# HD 2600xt mit 350 watt netzteil ok?



## PRO_2008 (17. Januar 2008)

Hi Leute,

Habe mir vor ein 2600xt zu holen, aber bin mir net sicher ob mein 350watt netzteil von fsi group ausreicht habe Pentium 4 mit 3066 MHz und 1024 mb Ram Speicher. Mein Mainboard ist irgendein ein Asus SiS 649

Was denkt ihr reicht es aus mit 350Watt?

Wenn ja welche Hertseller soll ich kaufen

- Powercolor
- Sapphire
- MSI

Ich würde mich freuen wenn jemand mir helfen kann


----------



## Psylo (18. Januar 2008)

Sollte eigentlich reichen. Du wirst ja die Karte sicherlich online Bestellen!?
Falls ja, dann kannst du ja erstmal testen ob alles stabil läuft und wenn nicht, dann kannst du sie zurück schicken.

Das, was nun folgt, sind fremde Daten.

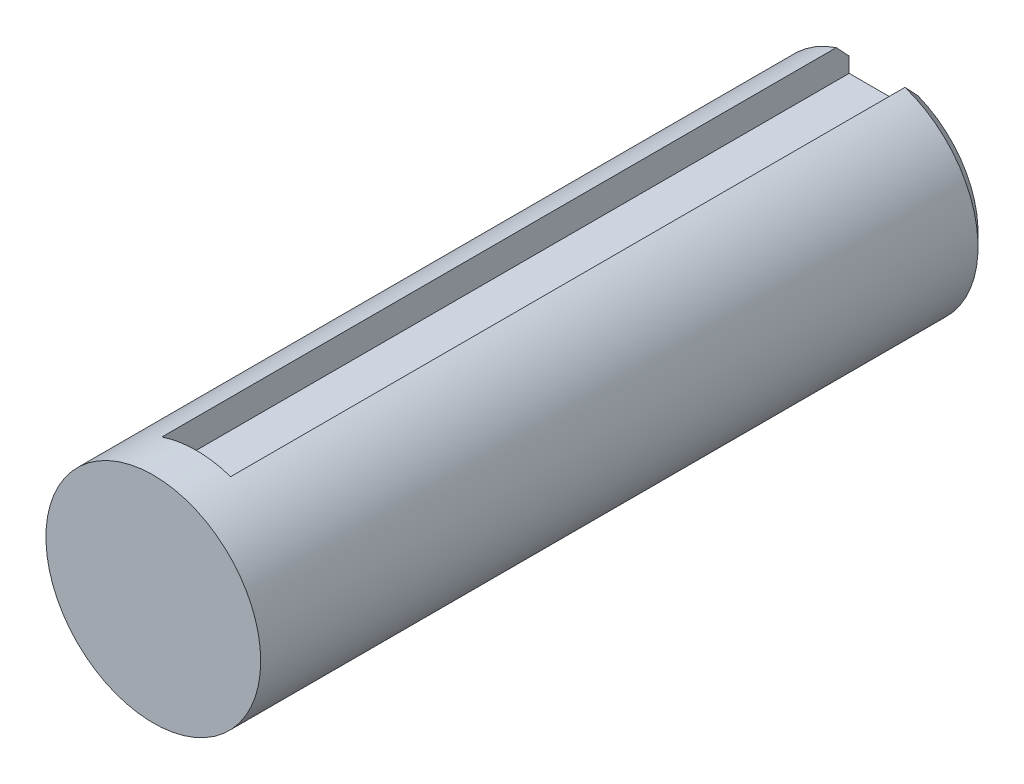
ISO-10303-21;
HEADER;
FILE_DESCRIPTION(('STEP AP214'),'2;1');
FILE_NAME('part.step','',(''),(''),'','','');
FILE_SCHEMA(('AUTOMOTIVE_DESIGN { 1 0 10303 214 1 1 1 1 }'));
ENDSEC;
DATA;
#1=APPLICATION_CONTEXT('core data for automotive mechanical design processes');
#2=APPLICATION_PROTOCOL_DEFINITION('international standard','automotive_design',2000,#1);
#3=PRODUCT_CONTEXT('',#1,'mechanical');
#4=PRODUCT('Part','Part','',(#3));
#5=PRODUCT_RELATED_PRODUCT_CATEGORY('part','',(#4));
#6=PRODUCT_DEFINITION_FORMATION('','',#4);
#7=PRODUCT_DEFINITION_CONTEXT('part definition',#1,'design');
#8=PRODUCT_DEFINITION('design','',#6,#7);
#9=PRODUCT_DEFINITION_SHAPE('','',#8);
#10=(LENGTH_UNIT() NAMED_UNIT(*) SI_UNIT(.MILLI.,.METRE.));
#11=(NAMED_UNIT(*) PLANE_ANGLE_UNIT() SI_UNIT($,.RADIAN.));
#12=(NAMED_UNIT(*) SI_UNIT($,.STERADIAN.) SOLID_ANGLE_UNIT());
#13=UNCERTAINTY_MEASURE_WITH_UNIT(LENGTH_MEASURE(1.E-05),#10,'distance_accuracy_value','');
#14=(GEOMETRIC_REPRESENTATION_CONTEXT(3) GLOBAL_UNCERTAINTY_ASSIGNED_CONTEXT((#13)) GLOBAL_UNIT_ASSIGNED_CONTEXT((#10,
#11,#12)) REPRESENTATION_CONTEXT('',''));
#15=CARTESIAN_POINT('',(0.,0.,0.));
#16=DIRECTION('',(0.,0.,1.));
#17=DIRECTION('',(1.,0.,0.));
#18=AXIS2_PLACEMENT_3D('',#15,#16,#17);
#19=CARTESIAN_POINT('',(0.,0.,85.));
#20=DIRECTION('',(0.,0.,-1.));
#21=DIRECTION('',(-1.,0.,0.));
#22=AXIS2_PLACEMENT_3D('',#19,#20,#21);
#23=CYLINDRICAL_SURFACE('',#22,12.5);
#24=CARTESIAN_POINT('',(0.,0.,85.));
#25=DIRECTION('',(0.,0.,1.));
#26=DIRECTION('',(1.,0.,0.));
#27=AXIS2_PLACEMENT_3D('',#24,#25,#26);
#28=CIRCLE('',#27,12.5);
#29=CARTESIAN_POINT('',(12.5,0.,85.));
#30=VERTEX_POINT('',#29);
#31=EDGE_CURVE('E126',#30,#30,#28,.T.);
#32=ORIENTED_EDGE('',*,*,#31,.F.);
#33=EDGE_LOOP('',(#32));
#34=FACE_BOUND('',#33,.T.);
#35=DIRECTION('',(0.,0.,-1.));
#36=VECTOR('',#35,1.);
#37=CARTESIAN_POINT('',(-4.,11.842719282327,85.));
#38=LINE('',#37,#36);
#39=CARTESIAN_POINT('',(-4.,11.842719282327,80.));
#40=VERTEX_POINT('',#39);
#41=CARTESIAN_POINT('',(-4.,11.842719282327,1.5));
#42=VERTEX_POINT('',#41);
#43=EDGE_CURVE('E123',#40,#42,#38,.T.);
#44=ORIENTED_EDGE('',*,*,#43,.T.);
#45=CARTESIAN_POINT('',(0.,0.,1.5));
#46=DIRECTION('',(0.,0.,1.));
#47=DIRECTION('',(1.,0.,0.));
#48=AXIS2_PLACEMENT_3D('',#45,#46,#47);
#49=CIRCLE('',#48,12.5);
#50=CARTESIAN_POINT('',(4.,11.842719282327,1.5));
#51=VERTEX_POINT('',#50);
#52=EDGE_CURVE('E131',#42,#51,#49,.T.);
#53=ORIENTED_EDGE('',*,*,#52,.T.);
#54=DIRECTION('',(0.,0.,-1.));
#55=VECTOR('',#54,1.);
#56=CARTESIAN_POINT('',(4.,11.842719282327,85.));
#57=LINE('',#56,#55);
#58=CARTESIAN_POINT('',(4.,11.842719282327,80.));
#59=VERTEX_POINT('',#58);
#60=EDGE_CURVE('E120',#51,#59,#57,.F.);
#61=ORIENTED_EDGE('',*,*,#60,.T.);
#62=CARTESIAN_POINT('',(0.,0.,80.));
#63=DIRECTION('',(0.,0.,-1.));
#64=DIRECTION('',(-1.,0.,0.));
#65=AXIS2_PLACEMENT_3D('',#62,#63,#64);
#66=CIRCLE('',#65,12.5);
#67=EDGE_CURVE('E99',#40,#59,#66,.T.);
#68=ORIENTED_EDGE('',*,*,#67,.F.);
#69=EDGE_LOOP('',(#44,#53,#61,#68));
#70=FACE_BOUND('',#69,.T.);
#71=ADVANCED_FACE('F38',(#34,#70),#23,.T.);
#72=CARTESIAN_POINT('',(0.,0.,85.));
#73=DIRECTION('',(0.,0.,1.));
#74=DIRECTION('',(1.,0.,0.));
#75=AXIS2_PLACEMENT_3D('',#72,#73,#74);
#76=PLANE('',#75);
#77=ORIENTED_EDGE('',*,*,#31,.T.);
#78=EDGE_LOOP('',(#77));
#79=FACE_BOUND('',#78,.T.);
#80=ADVANCED_FACE('F148',(#79),#76,.T.);
#81=CARTESIAN_POINT('',(0.,0.,0.));
#82=DIRECTION('',(0.,0.,1.));
#83=DIRECTION('',(1.,0.,0.));
#84=AXIS2_PLACEMENT_3D('',#81,#82,#83);
#85=PLANE('',#84);
#86=DIRECTION('',(0.,1.,0.));
#87=VECTOR('',#86,1.);
#88=CARTESIAN_POINT('',(4.,0.,0.));
#89=LINE('',#88,#87);
#90=CARTESIAN_POINT('',(4.,8.5,0.));
#91=VERTEX_POINT('',#90);
#92=CARTESIAN_POINT('',(4.,10.2469507659596,0.));
#93=VERTEX_POINT('',#92);
#94=EDGE_CURVE('E105',#91,#93,#89,.T.);
#95=ORIENTED_EDGE('',*,*,#94,.T.);
#96=CARTESIAN_POINT('',(0.,0.,0.));
#97=DIRECTION('',(0.,0.,1.));
#98=DIRECTION('',(1.,0.,0.));
#99=AXIS2_PLACEMENT_3D('',#96,#97,#98);
#100=CIRCLE('',#99,11.);
#101=CARTESIAN_POINT('',(-4.,10.2469507659596,0.));
#102=VERTEX_POINT('',#101);
#103=EDGE_CURVE('E53',#93,#102,#100,.F.);
#104=ORIENTED_EDGE('',*,*,#103,.T.);
#105=DIRECTION('',(0.,1.,0.));
#106=VECTOR('',#105,1.);
#107=CARTESIAN_POINT('',(-4.,16.5,0.));
#108=LINE('',#107,#106);
#109=CARTESIAN_POINT('',(-4.,8.5,0.));
#110=VERTEX_POINT('',#109);
#111=EDGE_CURVE('E116',#110,#102,#108,.T.);
#112=ORIENTED_EDGE('',*,*,#111,.F.);
#113=DIRECTION('',(-1.,0.,0.));
#114=VECTOR('',#113,1.);
#115=CARTESIAN_POINT('',(4.,8.5,0.));
#116=LINE('',#115,#114);
#117=EDGE_CURVE('E118',#91,#110,#116,.T.);
#118=ORIENTED_EDGE('',*,*,#117,.F.);
#119=EDGE_LOOP('',(#95,#104,#112,#118));
#120=FACE_BOUND('',#119,.T.);
#121=ADVANCED_FACE('F151',(#120),#85,.F.);
#122=CARTESIAN_POINT('',(0.,0.,80.));
#123=DIRECTION('',(0.,0.,-1.));
#124=DIRECTION('',(-1.,0.,0.));
#125=AXIS2_PLACEMENT_3D('',#122,#123,#124);
#126=PLANE('',#125);
#127=ORIENTED_EDGE('',*,*,#67,.T.);
#128=DIRECTION('',(0.,-1.,0.));
#129=VECTOR('',#128,1.);
#130=CARTESIAN_POINT('',(4.,16.5,80.));
#131=LINE('',#130,#129);
#132=CARTESIAN_POINT('',(4.,8.5,80.));
#133=VERTEX_POINT('',#132);
#134=EDGE_CURVE('E92',#59,#133,#131,.T.);
#135=ORIENTED_EDGE('',*,*,#134,.T.);
#136=DIRECTION('',(-1.,0.,0.));
#137=VECTOR('',#136,1.);
#138=CARTESIAN_POINT('',(4.,8.5,80.));
#139=LINE('',#138,#137);
#140=CARTESIAN_POINT('',(-4.,8.5,80.));
#141=VERTEX_POINT('',#140);
#142=EDGE_CURVE('E97',#133,#141,#139,.T.);
#143=ORIENTED_EDGE('',*,*,#142,.T.);
#144=DIRECTION('',(0.,1.,0.));
#145=VECTOR('',#144,1.);
#146=CARTESIAN_POINT('',(-4.,16.5,80.));
#147=LINE('',#146,#145);
#148=EDGE_CURVE('E100',#141,#40,#147,.T.);
#149=ORIENTED_EDGE('',*,*,#148,.T.);
#150=EDGE_LOOP('',(#127,#135,#143,#149));
#151=FACE_BOUND('',#150,.T.);
#152=ADVANCED_FACE('F94',(#151),#126,.T.);
#153=CARTESIAN_POINT('',(-4.,16.5,80.));
#154=DIRECTION('',(-1.,0.,0.));
#155=DIRECTION('',(0.,0.,1.));
#156=AXIS2_PLACEMENT_3D('',#153,#154,#155);
#157=PLANE('',#156);
#158=ORIENTED_EDGE('',*,*,#111,.T.);
#159=CARTESIAN_POINT('',(-4.,10.2469507659596,0.));
#160=CARTESIAN_POINT('',(-4.,10.3804929917297,0.124401517309549));
#161=CARTESIAN_POINT('',(-4.,10.5138762289712,0.248973545521785));
#162=CARTESIAN_POINT('',(-4.,10.7803528254464,0.498426108531669));
#163=CARTESIAN_POINT('',(-4.,10.913446185957,0.623306641965364));
#164=CARTESIAN_POINT('',(-4.,11.1793722017139,0.873344700526162));
#165=CARTESIAN_POINT('',(-4.,11.3122048571653,0.998502225435451));
#166=CARTESIAN_POINT('',(-4.,11.5776336909547,1.24906896753961));
#167=CARTESIAN_POINT('',(-4.,11.7102298682471,1.3744781858422));
#168=CARTESIAN_POINT('',(-4.,11.842719282327,1.5));
#169=B_SPLINE_CURVE_WITH_KNOTS('',3,(#159,#160,#161,#162,#163,#164,#165,#166,#167,#168),
.UNSPECIFIED.,.F.,.F.,(4,2,2,2,4),(0.,0.547524462965537,1.0950465095503,1.64256812574023,
2.19009215694509),.UNSPECIFIED.);
#170=EDGE_CURVE('E11',#102,#42,#169,.T.);
#171=ORIENTED_EDGE('',*,*,#170,.T.);
#172=ORIENTED_EDGE('',*,*,#43,.F.);
#173=ORIENTED_EDGE('',*,*,#148,.F.);
#174=DIRECTION('',(0.,0.,-1.));
#175=VECTOR('',#174,1.);
#176=CARTESIAN_POINT('',(-4.,8.5,80.));
#177=LINE('',#176,#175);
#178=EDGE_CURVE('E109',#141,#110,#177,.T.);
#179=ORIENTED_EDGE('',*,*,#178,.T.);
#180=EDGE_LOOP('',(#158,#171,#172,#173,#179));
#181=FACE_BOUND('',#180,.T.);
#182=ADVANCED_FACE('F142',(#181),#157,.F.);
#183=CARTESIAN_POINT('',(4.,16.5,80.));
#184=DIRECTION('',(1.,0.,0.));
#185=DIRECTION('',(0.,0.,-1.));
#186=AXIS2_PLACEMENT_3D('',#183,#184,#185);
#187=PLANE('',#186);
#188=ORIENTED_EDGE('',*,*,#60,.F.);
#189=CARTESIAN_POINT('',(4.,11.842719282327,1.5));
#190=CARTESIAN_POINT('',(4.,11.7102298682471,1.3744781858422));
#191=CARTESIAN_POINT('',(4.,11.5776336909547,1.24906896753961));
#192=CARTESIAN_POINT('',(4.,11.3122048571653,0.998502225435452));
#193=CARTESIAN_POINT('',(4.,11.1793722017139,0.873344700526162));
#194=CARTESIAN_POINT('',(4.,10.913446185957,0.623306641965365));
#195=CARTESIAN_POINT('',(4.,10.7803528254464,0.49842610853167));
#196=CARTESIAN_POINT('',(4.,10.5138762289712,0.248973545521786));
#197=CARTESIAN_POINT('',(4.,10.3804929917297,0.12440151730955));
#198=CARTESIAN_POINT('',(4.,10.2469507659596,0.));
#199=B_SPLINE_CURVE_WITH_KNOTS('',3,(#189,#190,#191,#192,#193,#194,#195,#196,#197,#198),
.UNSPECIFIED.,.F.,.F.,(4,2,2,2,4),(0.,0.547524031204858,1.09504564739479,1.64256769397955,
2.19009215694509),.UNSPECIFIED.);
#200=EDGE_CURVE('E67',#51,#93,#199,.T.);
#201=ORIENTED_EDGE('',*,*,#200,.T.);
#202=ORIENTED_EDGE('',*,*,#94,.F.);
#203=DIRECTION('',(0.,0.,-1.));
#204=VECTOR('',#203,1.);
#205=CARTESIAN_POINT('',(4.,8.5,80.));
#206=LINE('',#205,#204);
#207=EDGE_CURVE('E103',#133,#91,#206,.T.);
#208=ORIENTED_EDGE('',*,*,#207,.F.);
#209=ORIENTED_EDGE('',*,*,#134,.F.);
#210=EDGE_LOOP('',(#188,#201,#202,#208,#209));
#211=FACE_BOUND('',#210,.T.);
#212=ADVANCED_FACE('F104',(#211),#187,.F.);
#213=CARTESIAN_POINT('',(4.,8.5,80.));
#214=DIRECTION('',(0.,-1.,0.));
#215=DIRECTION('',(0.,0.,-1.));
#216=AXIS2_PLACEMENT_3D('',#213,#214,#215);
#217=PLANE('',#216);
#218=ORIENTED_EDGE('',*,*,#117,.T.);
#219=ORIENTED_EDGE('',*,*,#178,.F.);
#220=ORIENTED_EDGE('',*,*,#142,.F.);
#221=ORIENTED_EDGE('',*,*,#207,.T.);
#222=EDGE_LOOP('',(#218,#219,#220,#221));
#223=FACE_BOUND('',#222,.T.);
#224=ADVANCED_FACE('F111',(#223),#217,.F.);
#225=CARTESIAN_POINT('',(0.,0.,1.5));
#226=DIRECTION('',(0.,0.,1.));
#227=DIRECTION('',(1.,0.,0.));
#228=AXIS2_PLACEMENT_3D('',#225,#226,#227);
#229=CONICAL_SURFACE('',#228,12.5,0.785398163397452);
#230=ORIENTED_EDGE('',*,*,#170,.F.);
#231=ORIENTED_EDGE('',*,*,#103,.F.);
#232=ORIENTED_EDGE('',*,*,#200,.F.);
#233=ORIENTED_EDGE('',*,*,#52,.F.);
#234=EDGE_LOOP('',(#230,#231,#232,#233));
#235=FACE_BOUND('',#234,.T.);
#236=ADVANCED_FACE('F41',(#235),#229,.T.);
#237=CLOSED_SHELL('',(#71,#80,#121,#152,#182,#212,#224,#236));
#238=MANIFOLD_SOLID_BREP('B2',#237);
#239=ADVANCED_BREP_SHAPE_REPRESENTATION('',(#18,#238),#14);
#240=SHAPE_DEFINITION_REPRESENTATION(#9,#239);
ENDSEC;
END-ISO-10303-21;

Du könntest auch noch bis zum 23.1.08 warten, da stellt AMD nochmal ein paar neue Karten der 3000er Generation vor, die vorallem in sachen Stromverbrauch wesentlich besser sind.

MfG Psylo


----------



## umut27 (18. Januar 2008)

Hallo 2008pro ich denke das du vielz zu viel über deine graka nachdenkst ich würde sie einfach kaufen und testen wenn sie net geht bringst du es zurück


k&m for live >:S



du fetzag du ^^ 



welcher bruder was für eine bruder


----------